If _then_ or _else_ are lists, they will be treated
implicitly as a pipeline.

### _`@condfn`_ `not_`(_cond_)

`not_` returns a new `Condition` with the opposite sense.

### _`@condfn`_ `and_`(`*`_conds_)

`and_` returns a new `Condition` that returns
`False` if any of its arguments return `False`,
and `True` otherwise.

### _`@condfn`_ `or_`(`*`_conds_)

`or_` returns a new `Condition` that returns
`True` if any of its arguements return `True`,
and `False` otherwise.

## Utility Steps

### `@Stepfn` `pipeline`(`*`_steps_)

Create a pipeline—a step that executes _steps_ in order, and returns
the value returned by the last.

### `@stepfn` `apply`(_fn_, `*`_args_, `**`_kwargs_)

Calls an an arbitrary function on the context,
plus any additional arguments supplied. Variables and steps will be replaced by their values.

### `@stepfn` `list_`(`*`_values_)

Return a list of values. Steps and variables will be evaluated.

### `@stepfn` `tuple_`(`*`_values_)

Return a tuple of values. Steps and variables will be evalaued.

### `@stepfn` `dict_`(`**`_values_)

Return a dict from the supplied keyword arguments. Steps and variables will be evaluated.

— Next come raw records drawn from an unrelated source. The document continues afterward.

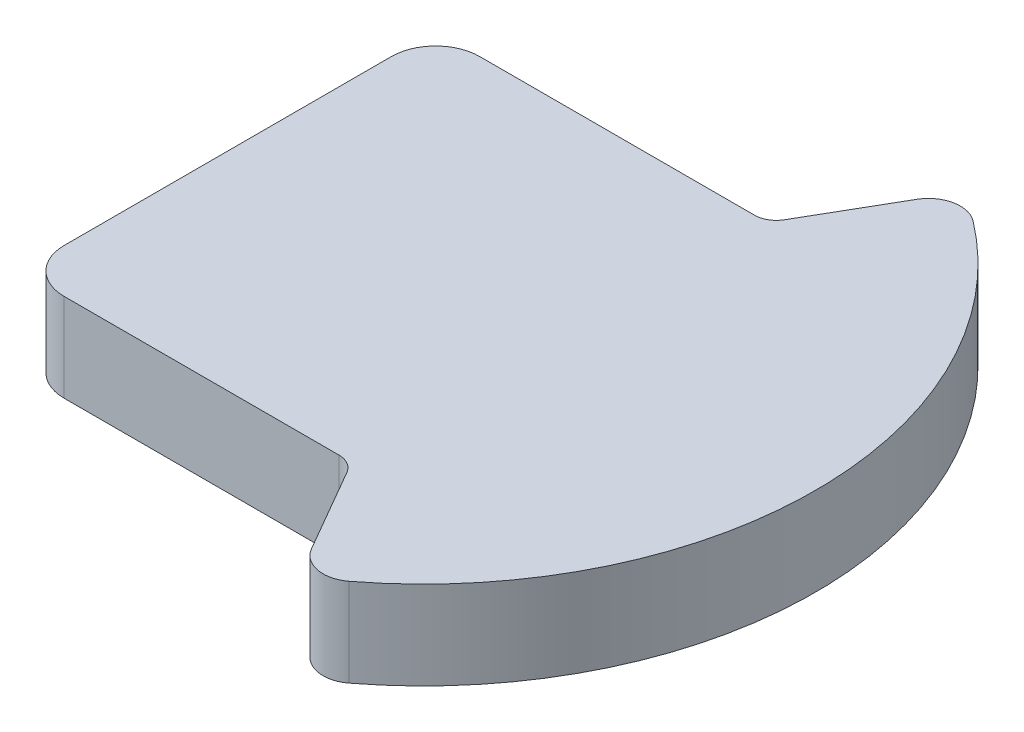
ISO-10303-21;
HEADER;
FILE_DESCRIPTION(('STEP AP214'),'2;1');
FILE_NAME('part.step','',(''),(''),'','','');
FILE_SCHEMA(('AUTOMOTIVE_DESIGN { 1 0 10303 214 1 1 1 1 }'));
ENDSEC;
DATA;
#1=APPLICATION_CONTEXT('core data for automotive mechanical design processes');
#2=APPLICATION_PROTOCOL_DEFINITION('international standard','automotive_design',2000,#1);
#3=PRODUCT_CONTEXT('',#1,'mechanical');
#4=PRODUCT('Part','Part','',(#3));
#5=PRODUCT_RELATED_PRODUCT_CATEGORY('part','',(#4));
#6=PRODUCT_DEFINITION_FORMATION('','',#4);
#7=PRODUCT_DEFINITION_CONTEXT('part definition',#1,'design');
#8=PRODUCT_DEFINITION('design','',#6,#7);
#9=PRODUCT_DEFINITION_SHAPE('','',#8);
#10=(LENGTH_UNIT() NAMED_UNIT(*) SI_UNIT(.MILLI.,.METRE.));
#11=(NAMED_UNIT(*) PLANE_ANGLE_UNIT() SI_UNIT($,.RADIAN.));
#12=(NAMED_UNIT(*) SI_UNIT($,.STERADIAN.) SOLID_ANGLE_UNIT());
#13=UNCERTAINTY_MEASURE_WITH_UNIT(LENGTH_MEASURE(1.E-05),#10,'distance_accuracy_value','');
#14=(GEOMETRIC_REPRESENTATION_CONTEXT(3) GLOBAL_UNCERTAINTY_ASSIGNED_CONTEXT((#13)) GLOBAL_UNIT_ASSIGNED_CONTEXT((#10,
#11,#12)) REPRESENTATION_CONTEXT('',''));
#15=CARTESIAN_POINT('',(0.,0.,0.));
#16=DIRECTION('',(0.,0.,1.));
#17=DIRECTION('',(1.,0.,0.));
#18=AXIS2_PLACEMENT_3D('',#15,#16,#17);
#19=CARTESIAN_POINT('',(17.7460540271706,-12.7,33.0804944317749));
#20=DIRECTION('',(0.,1.,0.));
#21=DIRECTION('',(0.,0.,1.));
#22=AXIS2_PLACEMENT_3D('',#19,#20,#21);
#23=CYLINDRICAL_SURFACE('',#22,3.175);
#24=CARTESIAN_POINT('',(17.7460540271706,0.,33.0804944317749));
#25=DIRECTION('',(0.,1.,0.));
#26=DIRECTION('',(0.,0.,1.));
#27=AXIS2_PLACEMENT_3D('',#24,#25,#26);
#28=CIRCLE('',#27,3.175);
#29=CARTESIAN_POINT('',(20.4956846841862,0.,31.4929944317749));
#30=VERTEX_POINT('',#29);
#31=CARTESIAN_POINT('',(17.7460540271706,0.,29.9054944317749));
#32=VERTEX_POINT('',#31);
#33=EDGE_CURVE('E152',#30,#32,#28,.T.);
#34=ORIENTED_EDGE('',*,*,#33,.T.);
#35=DIRECTION('',(0.,1.,0.));
#36=VECTOR('',#35,1.);
#37=CARTESIAN_POINT('',(17.7460540271706,-12.7,29.9054944317749));
#38=LINE('',#37,#36);
#39=CARTESIAN_POINT('',(17.7460540271706,-12.7,29.9054944317749));
#40=VERTEX_POINT('',#39);
#41=EDGE_CURVE('E11',#40,#32,#38,.T.);
#42=ORIENTED_EDGE('',*,*,#41,.F.);
#43=CARTESIAN_POINT('',(17.7460540271706,-12.7,33.0804944317749));
#44=DIRECTION('',(0.,1.,0.));
#45=DIRECTION('',(0.,0.,1.));
#46=AXIS2_PLACEMENT_3D('',#43,#44,#45);
#47=CIRCLE('',#46,3.175);
#48=CARTESIAN_POINT('',(20.4956846841862,-12.7,31.4929944317749));
#49=VERTEX_POINT('',#48);
#50=EDGE_CURVE('E49',#49,#40,#47,.T.);
#51=ORIENTED_EDGE('',*,*,#50,.F.);
#52=DIRECTION('',(0.,1.,0.));
#53=VECTOR('',#52,1.);
#54=CARTESIAN_POINT('',(20.4956846841862,-12.7,31.4929944317749));
#55=LINE('',#54,#53);
#56=EDGE_CURVE('E34',#49,#30,#55,.T.);
#57=ORIENTED_EDGE('',*,*,#56,.T.);
#58=EDGE_LOOP('',(#34,#42,#51,#57));
#59=FACE_BOUND('',#58,.T.);
#60=ADVANCED_FACE('F31',(#59),#23,.F.);
#61=CARTESIAN_POINT('',(-82.5130762886813,-12.7,29.9054944317749));
#62=DIRECTION('',(0.,0.,1.));
#63=DIRECTION('',(1.,0.,0.));
#64=AXIS2_PLACEMENT_3D('',#61,#62,#63);
#65=PLANE('',#64);
#66=DIRECTION('',(1.,0.,0.));
#67=VECTOR('',#66,1.);
#68=CARTESIAN_POINT('',(-82.5130762886813,0.,29.9054944317749));
#69=LINE('',#68,#67);
#70=CARTESIAN_POINT('',(-21.7956014119201,0.,29.9054944317749));
#71=VERTEX_POINT('',#70);
#72=EDGE_CURVE('E181',#71,#32,#69,.T.);
#73=ORIENTED_EDGE('',*,*,#72,.F.);
#74=DIRECTION('',(0.,1.,0.));
#75=VECTOR('',#74,1.);
#76=CARTESIAN_POINT('',(-21.7956014119201,-12.7,29.9054944317749));
#77=LINE('',#76,#75);
#78=CARTESIAN_POINT('',(-21.7956014119201,-12.7,29.9054944317749));
#79=VERTEX_POINT('',#78);
#80=EDGE_CURVE('E40',#79,#71,#77,.T.);
#81=ORIENTED_EDGE('',*,*,#80,.F.);
#82=DIRECTION('',(1.,0.,0.));
#83=VECTOR('',#82,1.);
#84=CARTESIAN_POINT('',(-82.5130762886813,-12.7,29.9054944317749));
#85=LINE('',#84,#83);
#86=EDGE_CURVE('E134',#79,#40,#85,.T.);
#87=ORIENTED_EDGE('',*,*,#86,.T.);
#88=ORIENTED_EDGE('',*,*,#41,.T.);
#89=EDGE_LOOP('',(#73,#81,#87,#88));
#90=FACE_BOUND('',#89,.T.);
#91=ADVANCED_FACE('F216',(#90),#65,.T.);
#92=CARTESIAN_POINT('',(-21.7956014119202,-12.7,23.5554944317749));
#93=DIRECTION('',(0.,1.,0.));
#94=DIRECTION('',(0.,0.,1.));
#95=AXIS2_PLACEMENT_3D('',#92,#93,#94);
#96=CYLINDRICAL_SURFACE('',#95,6.35);
#97=CARTESIAN_POINT('',(-21.7956014119202,0.,23.5554944317749));
#98=DIRECTION('',(0.,1.,0.));
#99=DIRECTION('',(0.,0.,1.));
#100=AXIS2_PLACEMENT_3D('',#97,#98,#99);
#101=CIRCLE('',#100,6.35);
#102=CARTESIAN_POINT('',(-28.1456014119202,0.,23.5554944317748));
#103=VERTEX_POINT('',#102);
#104=EDGE_CURVE('E138',#71,#103,#101,.F.);
#105=ORIENTED_EDGE('',*,*,#104,.T.);
#106=DIRECTION('',(0.,1.,0.));
#107=VECTOR('',#106,1.);
#108=CARTESIAN_POINT('',(-28.1456014119202,-12.7,23.5554944317748));
#109=LINE('',#108,#107);
#110=CARTESIAN_POINT('',(-28.1456014119202,-12.7,23.5554944317748));
#111=VERTEX_POINT('',#110);
#112=EDGE_CURVE('E136',#111,#103,#109,.T.);
#113=ORIENTED_EDGE('',*,*,#112,.F.);
#114=CARTESIAN_POINT('',(-21.7956014119202,-12.7,23.5554944317749));
#115=DIRECTION('',(0.,1.,0.));
#116=DIRECTION('',(0.,0.,1.));
#117=AXIS2_PLACEMENT_3D('',#114,#115,#116);
#118=CIRCLE('',#117,6.35);
#119=EDGE_CURVE('E127',#79,#111,#118,.F.);
#120=ORIENTED_EDGE('',*,*,#119,.F.);
#121=ORIENTED_EDGE('',*,*,#80,.T.);
#122=EDGE_LOOP('',(#105,#113,#120,#121));
#123=FACE_BOUND('',#122,.T.);
#124=ADVANCED_FACE('F137',(#123),#96,.T.);
#125=CARTESIAN_POINT('',(-28.1456014119202,-12.7,-0.467049366842573));
#126=DIRECTION('',(-1.,0.,0.));
#127=DIRECTION('',(0.,0.,1.));
#128=AXIS2_PLACEMENT_3D('',#125,#126,#127);
#129=PLANE('',#128);
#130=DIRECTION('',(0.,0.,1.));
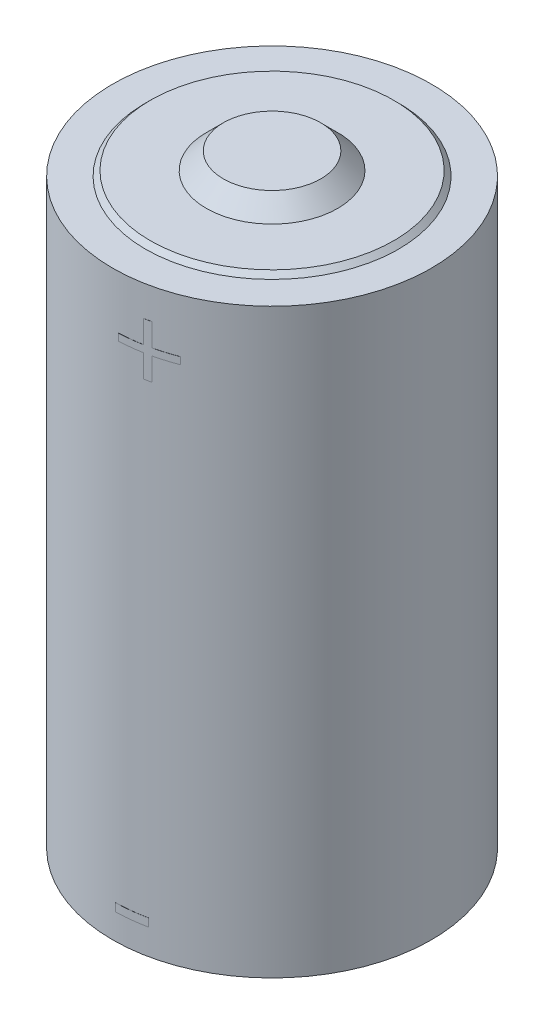
ISO-10303-21;
HEADER;
FILE_DESCRIPTION(('STEP AP214'),'2;1');
FILE_NAME('part.step','',(''),(''),'','','');
FILE_SCHEMA(('AUTOMOTIVE_DESIGN { 1 0 10303 214 1 1 1 1 }'));
ENDSEC;
DATA;
#1=APPLICATION_CONTEXT('core data for automotive mechanical design processes');
#2=APPLICATION_PROTOCOL_DEFINITION('international standard','automotive_design',2000,#1);
#3=PRODUCT_CONTEXT('',#1,'mechanical');
#4=PRODUCT('Part','Part','',(#3));
#5=PRODUCT_RELATED_PRODUCT_CATEGORY('part','',(#4));
#6=PRODUCT_DEFINITION_FORMATION('','',#4);
#7=PRODUCT_DEFINITION_CONTEXT('part definition',#1,'design');
#8=PRODUCT_DEFINITION('design','',#6,#7);
#9=PRODUCT_DEFINITION_SHAPE('','',#8);
#10=(LENGTH_UNIT() NAMED_UNIT(*) SI_UNIT(.MILLI.,.METRE.));
#11=(NAMED_UNIT(*) PLANE_ANGLE_UNIT() SI_UNIT($,.RADIAN.));
#12=(NAMED_UNIT(*) SI_UNIT($,.STERADIAN.) SOLID_ANGLE_UNIT());
#13=UNCERTAINTY_MEASURE_WITH_UNIT(LENGTH_MEASURE(1.E-05),#10,'distance_accuracy_value','');
#14=(GEOMETRIC_REPRESENTATION_CONTEXT(3) GLOBAL_UNCERTAINTY_ASSIGNED_CONTEXT((#13)) GLOBAL_UNIT_ASSIGNED_CONTEXT((#10,
#11,#12)) REPRESENTATION_CONTEXT('',''));
#15=CARTESIAN_POINT('',(0.,0.,0.));
#16=DIRECTION('',(0.,0.,1.));
#17=DIRECTION('',(1.,0.,0.));
#18=AXIS2_PLACEMENT_3D('',#15,#16,#17);
#19=CARTESIAN_POINT('',(0.,0.,0.));
#20=DIRECTION('',(0.,1.,0.));
#21=DIRECTION('',(0.,0.,1.));
#22=AXIS2_PLACEMENT_3D('',#19,#20,#21);
#23=PLANE('',#22);
#24=CARTESIAN_POINT('',(0.,0.,0.));
#25=DIRECTION('',(0.,1.,0.));
#26=DIRECTION('',(0.,0.,1.));
#27=AXIS2_PLACEMENT_3D('',#24,#25,#26);
#28=CIRCLE('',#27,9.40000000000001);
#29=CARTESIAN_POINT('',(0.,0.,9.40000000000001));
#30=VERTEX_POINT('',#29);
#31=EDGE_CURVE('E13',#30,#30,#28,.T.);
#32=ORIENTED_EDGE('',*,*,#31,.T.);
#33=EDGE_LOOP('',(#32));
#34=FACE_BOUND('',#33,.T.);
#35=CARTESIAN_POINT('',(0.,0.,0.));
#36=DIRECTION('',(0.,1.,0.));
#37=DIRECTION('',(0.,0.,1.));
#38=AXIS2_PLACEMENT_3D('',#35,#36,#37);
#39=CIRCLE('',#38,13.1);
#40=CARTESIAN_POINT('',(0.,0.,13.1));
#41=VERTEX_POINT('',#40);
#42=EDGE_CURVE('E387',#41,#41,#39,.T.);
#43=ORIENTED_EDGE('',*,*,#42,.F.);
#44=EDGE_LOOP('',(#43));
#45=FACE_BOUND('',#44,.T.);
#46=ADVANCED_FACE('F98',(#34,#45),#23,.F.);
#47=CARTESIAN_POINT('',(0.,48.2,0.));
#48=DIRECTION('',(0.,1.,0.));
#49=DIRECTION('',(0.,0.,1.));
#50=AXIS2_PLACEMENT_3D('',#47,#48,#49);
#51=PLANE('',#50);
#52=CARTESIAN_POINT('',(0.,48.2,0.));
#53=DIRECTION('',(0.,1.,0.));
#54=DIRECTION('',(0.,0.,1.));
#55=AXIS2_PLACEMENT_3D('',#52,#53,#54);
#56=CIRCLE('',#55,5.4);
#57=CARTESIAN_POINT('',(0.,48.2,5.4));
#58=VERTEX_POINT('',#57);
#59=EDGE_CURVE('E391',#58,#58,#56,.F.);
#60=ORIENTED_EDGE('',*,*,#59,.T.);
#61=EDGE_LOOP('',(#60));
#62=FACE_BOUND('',#61,.T.);
#63=CARTESIAN_POINT('',(0.,48.2,0.));
#64=DIRECTION('',(0.,1.,0.));
#65=DIRECTION('',(0.,0.,1.));
#66=AXIS2_PLACEMENT_3D('',#63,#64,#65);
#67=CIRCLE('',#66,10.);
#68=CARTESIAN_POINT('',(0.,48.2,10.));
#69=VERTEX_POINT('',#68);
#70=EDGE_CURVE('E384',#69,#69,#67,.T.);
#71=ORIENTED_EDGE('',*,*,#70,.T.);
#72=EDGE_LOOP('',(#71));
#73=FACE_BOUND('',#72,.T.);
#74=ADVANCED_FACE('F408',(#62,#73),#51,.T.);
#75=CARTESIAN_POINT('',(0.,47.8,0.));
#76=DIRECTION('',(0.,1.,0.));
#77=DIRECTION('',(0.,0.,1.));
#78=AXIS2_PLACEMENT_3D('',#75,#76,#77);
#79=PLANE('',#78);
#80=CARTESIAN_POINT('',(0.,47.8,0.));
#81=DIRECTION('',(0.,1.,0.));
#82=DIRECTION('',(0.,0.,1.));
#83=AXIS2_PLACEMENT_3D('',#80,#81,#82);
#84=CIRCLE('',#83,10.4);
#85=CARTESIAN_POINT('',(0.,47.8,10.4));
#86=VERTEX_POINT('',#85);
#87=EDGE_CURVE('E106',#86,#86,#84,.F.);
#88=ORIENTED_EDGE('',*,*,#87,.T.);
#89=EDGE_LOOP('',(#88));
#90=FACE_BOUND('',#89,.T.);
#91=CARTESIAN_POINT('',(0.,47.8,0.));
#92=DIRECTION('',(0.,1.,0.));
#93=DIRECTION('',(0.,0.,1.));
#94=AXIS2_PLACEMENT_3D('',#91,#92,#93);
#95=CIRCLE('',#94,13.1);
#96=CARTESIAN_POINT('',(0.,47.8,13.1));
#97=VERTEX_POINT('',#96);
#98=EDGE_CURVE('E388',#97,#97,#95,.T.);
#99=ORIENTED_EDGE('',*,*,#98,.T.);
#100=EDGE_LOOP('',(#99));
#101=FACE_BOUND('',#100,.T.);
#102=ADVANCED_FACE('F398',(#90,#101),#79,.T.);
#103=CARTESIAN_POINT('',(0.,47.8,0.));
#104=DIRECTION('',(0.,-1.,0.));
#105=DIRECTION('',(0.,0.,-1.));
#106=AXIS2_PLACEMENT_3D('',#103,#104,#105);
#107=CYLINDRICAL_SURFACE('',#106,13.1);
#108=CARTESIAN_POINT('',(0.,2.76794871794873,0.));
#109=DIRECTION('',(0.,-1.,0.));
#110=DIRECTION('',(0.0186424901586206,0.,0.9998262136795));
#111=AXIS2_PLACEMENT_3D('',#108,#109,#110);
#112=CIRCLE('',#111,13.1);
#113=CARTESIAN_POINT('',(2.66774650354884,2.76794871794871,12.8254874602412));
#114=VERTEX_POINT('',#113);
#115=CARTESIAN_POINT('',(0.244216621077929,2.76794871794873,13.0977233992015));
#116=VERTEX_POINT('',#115);
#117=EDGE_CURVE('E233',#114,#116,#112,.T.);
#118=ORIENTED_EDGE('',*,*,#117,.F.);
#119=DIRECTION('',(0.,-1.,0.));
#120=VECTOR('',#119,1.);
#121=CARTESIAN_POINT('',(2.66774650354884,2.76794871794873,12.8254874602412));
#122=LINE('',#121,#120);
#123=CARTESIAN_POINT('',(2.66774650354884,2.11666666666668,12.8254874602411));
#124=VERTEX_POINT('',#123);
#125=EDGE_CURVE('E113',#114,#124,#122,.T.);
#126=ORIENTED_EDGE('',*,*,#125,.T.);
#127=CARTESIAN_POINT('',(0.,2.11666666666668,0.));
#128=DIRECTION('',(0.,-1.,0.));
#129=DIRECTION('',(0.0186424901586206,0.,0.9998262136795));
#130=AXIS2_PLACEMENT_3D('',#127,#128,#129);
#131=CIRCLE('',#130,13.1);
#132=CARTESIAN_POINT('',(0.244216621077929,2.11666666666668,13.0977233992015));
#133=VERTEX_POINT('',#132);
#134=EDGE_CURVE('E221',#124,#133,#131,.T.);
#135=ORIENTED_EDGE('',*,*,#134,.T.);
#136=DIRECTION('',(0.,1.,0.));
#137=VECTOR('',#136,1.);
#138=CARTESIAN_POINT('',(0.244216621077929,2.11666666666668,13.0977233992015));
#139=LINE('',#138,#137);
#140=EDGE_CURVE('E239',#133,#116,#139,.T.);
#141=ORIENTED_EDGE('',*,*,#140,.T.);
#142=EDGE_LOOP('',(#118,#126,#135,#141));
#143=FACE_BOUND('',#142,.T.);
#144=DIRECTION('',(0.,1.,0.));
#145=VECTOR('',#144,1.);
#146=CARTESIAN_POINT('',(2.34813797852245,40.9769230769231,12.8878333335678));
#147=LINE('',#146,#145);
#148=CARTESIAN_POINT('',(2.34813797852245,40.9769230769231,12.8878333335678));
#149=VERTEX_POINT('',#148);
#150=CARTESIAN_POINT('',(2.34813797852246,42.849358974359,12.8878333335678));
#151=VERTEX_POINT('',#150);
#152=EDGE_CURVE('E318',#149,#151,#147,.T.);
#153=ORIENTED_EDGE('',*,*,#152,.T.);
#154=CARTESIAN_POINT('',(0.,42.849358974359,0.));
#155=DIRECTION('',(0.,-1.,0.));
#156=DIRECTION('',(0.0372785006977015,0.,0.999304915121372));
#157=AXIS2_PLACEMENT_3D('',#154,#155,#156);
#158=CIRCLE('',#157,13.1);
#159=CARTESIAN_POINT('',(0.48834835913989,42.849358974359,13.09089438809));
#160=VERTEX_POINT('',#159);
#161=EDGE_CURVE('E314',#151,#160,#158,.T.);
#162=ORIENTED_EDGE('',*,*,#161,.T.);
#163=DIRECTION('',(0.,1.,0.));
#164=VECTOR('',#163,1.);
#165=CARTESIAN_POINT('',(0.48834835913989,42.849358974359,13.09089438809));
#166=LINE('',#165,#164);
#167=CARTESIAN_POINT('',(0.48834835913989,43.4192307692308,13.09089438809));
#168=VERTEX_POINT('',#167);
#169=EDGE_CURVE('E310',#160,#168,#166,.T.);
#170=ORIENTED_EDGE('',*,*,#169,.T.);
#171=CARTESIAN_POINT('',(0.,43.4192307692308,0.));
#172=DIRECTION('',(0.,-1.,0.));
#173=DIRECTION('',(0.0372785006977015,0.,0.999304915121372));
#174=AXIS2_PLACEMENT_3D('',#171,#172,#173);
#175=CIRCLE('',#174,13.1);
#176=CARTESIAN_POINT('',(2.34813797852245,43.4192307692308,12.8878333335678));
#177=VERTEX_POINT('',#176);
#178=EDGE_CURVE('E121',#177,#168,#175,.T.);
#179=ORIENTED_EDGE('',*,*,#178,.F.);
#180=DIRECTION('',(0.,1.,0.));
#181=VECTOR('',#180,1.);
#182=CARTESIAN_POINT('',(2.34813797852245,43.4192307692308,12.8878333335678));
#183=LINE('',#182,#181);
#184=CARTESIAN_POINT('',(2.34813797852245,45.2916666666667,12.8878333335678));
#185=VERTEX_POINT('',#184);
#186=EDGE_CURVE('E265',#177,#185,#183,.T.);
#187=ORIENTED_EDGE('',*,*,#186,.T.);
#188=CARTESIAN_POINT('',(0.,45.2916666666667,0.));
#189=DIRECTION('',(0.,-1.,0.));
#190=DIRECTION('',(0.179247173933012,0.,0.983804071264715));
#191=AXIS2_PLACEMENT_3D('',#188,#189,#190);
#192=CIRCLE('',#191,13.1);
#193=CARTESIAN_POINT('',(2.90638190945701,45.2916666666667,12.7735251280287));
#194=VERTEX_POINT('',#193);
#195=EDGE_CURVE('E346',#194,#185,#192,.T.);
#196=ORIENTED_EDGE('',*,*,#195,.F.);
#197=DIRECTION('',(0.,-1.,0.));
#198=VECTOR('',#197,1.);
#199=CARTESIAN_POINT('',(2.90638190945701,45.2916666666667,12.7735251280287));
#200=LINE('',#199,#198);
#201=CARTESIAN_POINT('',(2.90638190945701,43.4192307692308,12.7735251280287));
#202=VERTEX_POINT('',#201);
#203=EDGE_CURVE('E342',#194,#202,#200,.T.);
#204=ORIENTED_EDGE('',*,*,#203,.T.);
#205=CARTESIAN_POINT('',(0.,43.4192307692308,0.));
#206=DIRECTION('',(0.,-1.,0.));
#207=DIRECTION('',(0.221861214462367,0.,0.975078254047994));
#208=AXIS2_PLACEMENT_3D('',#205,#206,#207);
#209=CIRCLE('',#208,13.1);
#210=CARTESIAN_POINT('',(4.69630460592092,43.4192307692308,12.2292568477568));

### `@stepfn` `set_`(`**`_values_)

Return a set from the supplied keyword arguments. Steps and variables will be evaluated.



## Development

[Pull requests](https://github.com/BobKerns/fpipeline/pulls) are welcome, as are
[bug reports, feature requests, documentation requests or fixes)[https://github.com/BobKerns/fpipeline/issues]

Pull requests do not need to be rebased or linear, but you should at least pull from the latest
`main` branch and resolve conflicts.

You should pass all test in the [test notebook](./test/test.ipynb), and add any new ones to the test notebook.